◆ WORK REQUIRED ◆
Search the listing below for "picture". Copy each matching line.

◆ RECORDS SHOWN ◆
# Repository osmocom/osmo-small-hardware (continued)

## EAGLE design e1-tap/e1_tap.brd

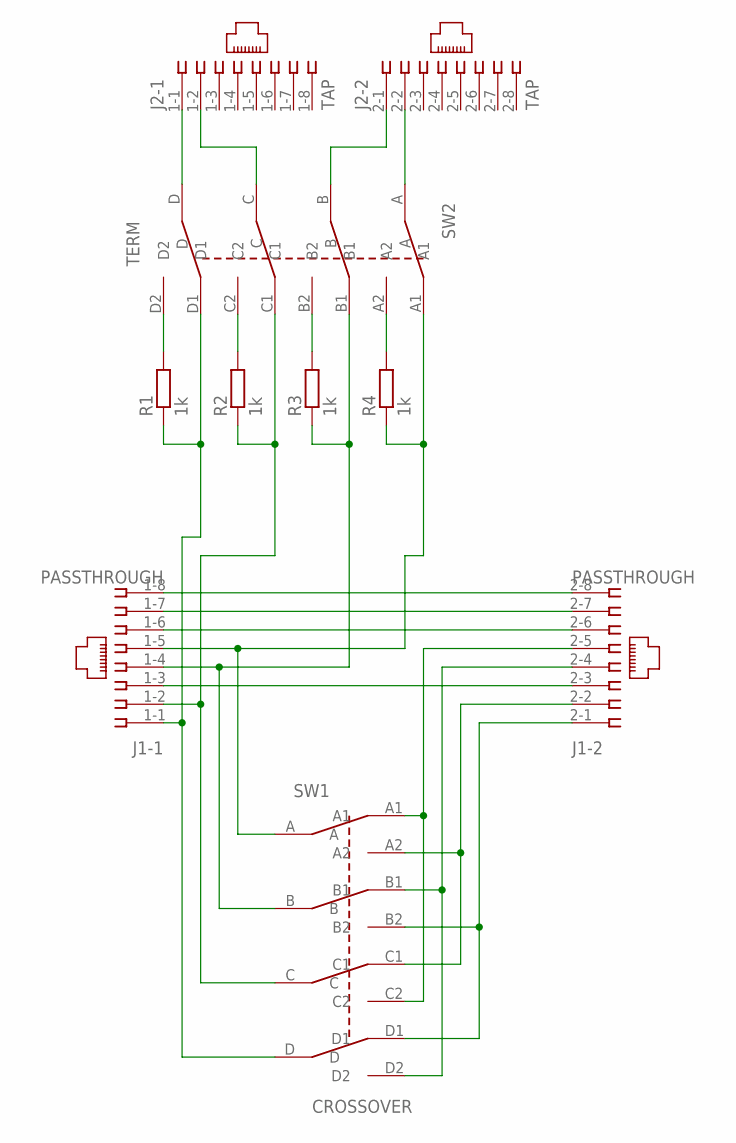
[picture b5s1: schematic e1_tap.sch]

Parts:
J1: PASSTHROUGH; 557560-1; MANUFACTURERPARTNUMBER 5557560-1
J2: TAP; 557560-1; MANUFACTURERPARTNUMBER 5557560-1
R1, R2, R3, R4: 1k; R0603; MANUFACTURERPARTNUMBER RC0603FR-071KL
SW1: CROSSOVER; 4PDT_DIL12; MANUFACTURERPARTNUMBER 1-1825010-3
SW2: TERM; 4PDT_DIL12; MANUFACTURERPARTNUMBER 1-1825010-3

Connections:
CROSS: J1.2-4 (4), SW1.B1, SW1.D2
unnamed: J1.1-8 (8), J1.2-8 (8)
unnamed: J1.1-7 (7), J1.2-7 (7)
unnamed: J1.1-6 (6), J1.2-6 (6)
unnamed: J1.1-3 (3), J1.2-3 (3)
unnamed: J1.1-2 (2), R2.1, SW1.C, SW2.C1
unnamed: J1.1-1 (1), R1.1, SW1.D, SW2.D1
unnamed: J1.1-4 (4), R3.1, SW1.B, SW2.B1
unnamed: J1.1-5 (5), R4.1, SW1.A, SW2.A1
unnamed: J1.2-5 (5), SW1.A1, SW1.C2
unnamed: J2.1-1 (1), SW2.D
unnamed: J1.2-2 (2), SW1.A2, SW1.C1
unnamed: J1.2-1 (1), SW1.B2, SW1.D1
unnamed: J2.1-2 (2), SW2.C
unnamed: J2.2-1 (1), SW2.B
unnamed: J2.2-2 (2), SW2.A
unnamed: R1.2, SW2.D2
unnamed: R2.2, SW2.C2
unnamed: R3.2, SW2.B2
unnamed: R4.2, SW2.A2

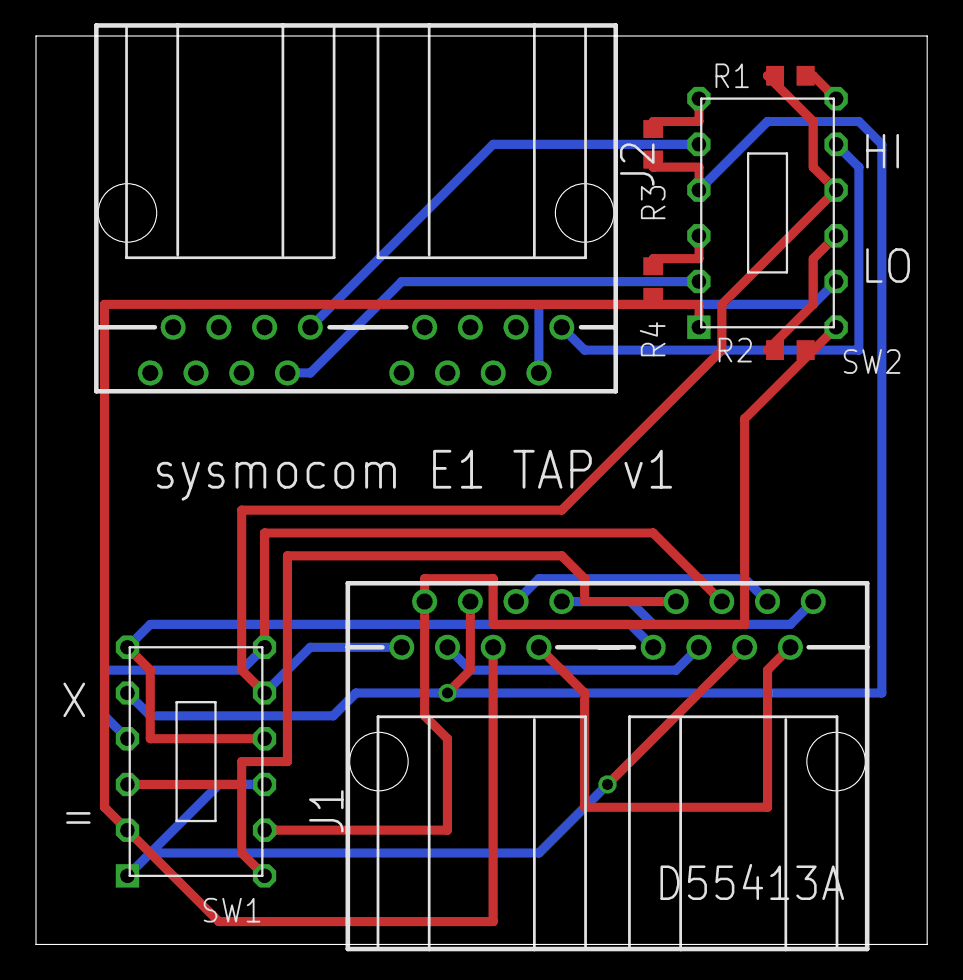
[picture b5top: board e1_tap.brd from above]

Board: 2 copper layers, 49.5 x 50.5 mm, 8 parts (0 on the bottom side), 20 nets.

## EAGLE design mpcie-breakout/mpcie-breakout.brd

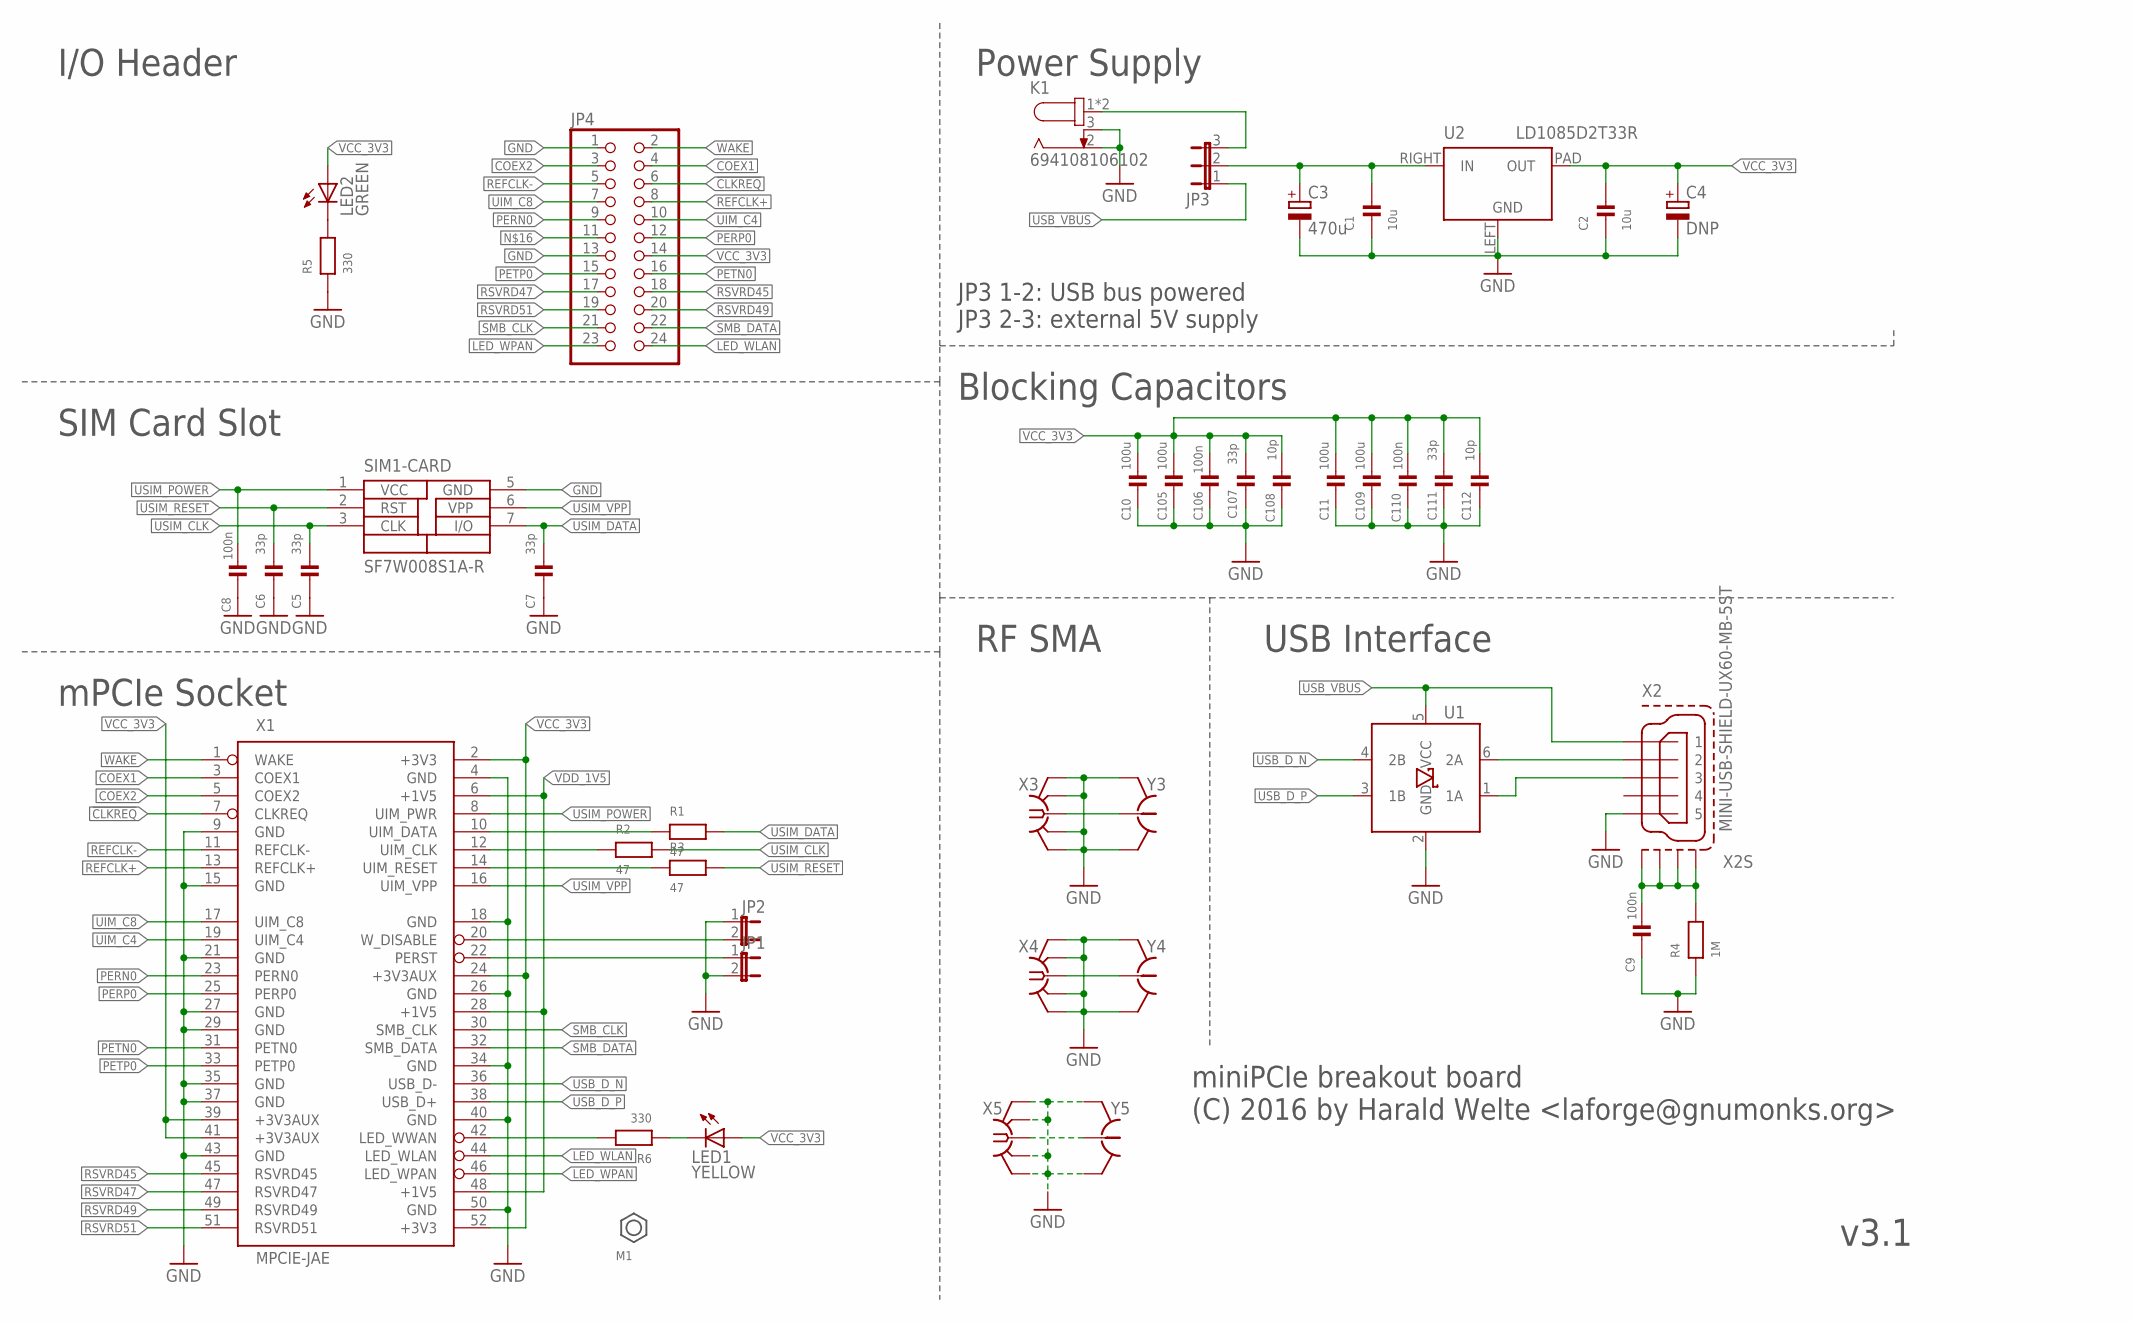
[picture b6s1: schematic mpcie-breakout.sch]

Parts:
C1, C2: 10u; _0805; MANUFACTURERPARTNUMBER CL21A106KOQNNNG
C3: 470u; UD-8X10_NICHICON; MANUFACTURERPARTNUMBER UUR0J471MNL1GS
C4: DNP; SMC_E; MANUFACTURERPARTNUMBER UNKNOWN MANUFACTURER PART NUMBER
C5, C6, C7, C107, C111: 33p; _0402; MANUFACTURERPARTNUMBER CL05C330JB5NNNC
C8, C9, C106, C110: 100n; _0603; MANUFACTURERPARTNUMBER CL10B104KO8NNNC
C10, C11, C105, C109: 100u; 1206; MANUFACTURERPARTNUMBER GRM31CR60J107ME39K
C108, C112: 10p; _0603; MANUFACTURERPARTNUMBER C0603C100J5GACTU
JP1, JP2: JP1E; JP1; MANUFACTURERPARTNUMBER UNKNOWN MANUFACTURER PART NUMBER
JP3: JP2E; JP2; MANUFACTURERPARTNUMBER UNKNOWN MANUFACTURER PART NUMBER
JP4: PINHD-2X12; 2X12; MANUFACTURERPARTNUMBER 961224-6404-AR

◆ TASK ANSWER ◆
[picture b5s1: schematic e1_tap.sch]
[picture b5top: board e1_tap.brd from above]
[picture b6s1: schematic mpcie-breakout.sch]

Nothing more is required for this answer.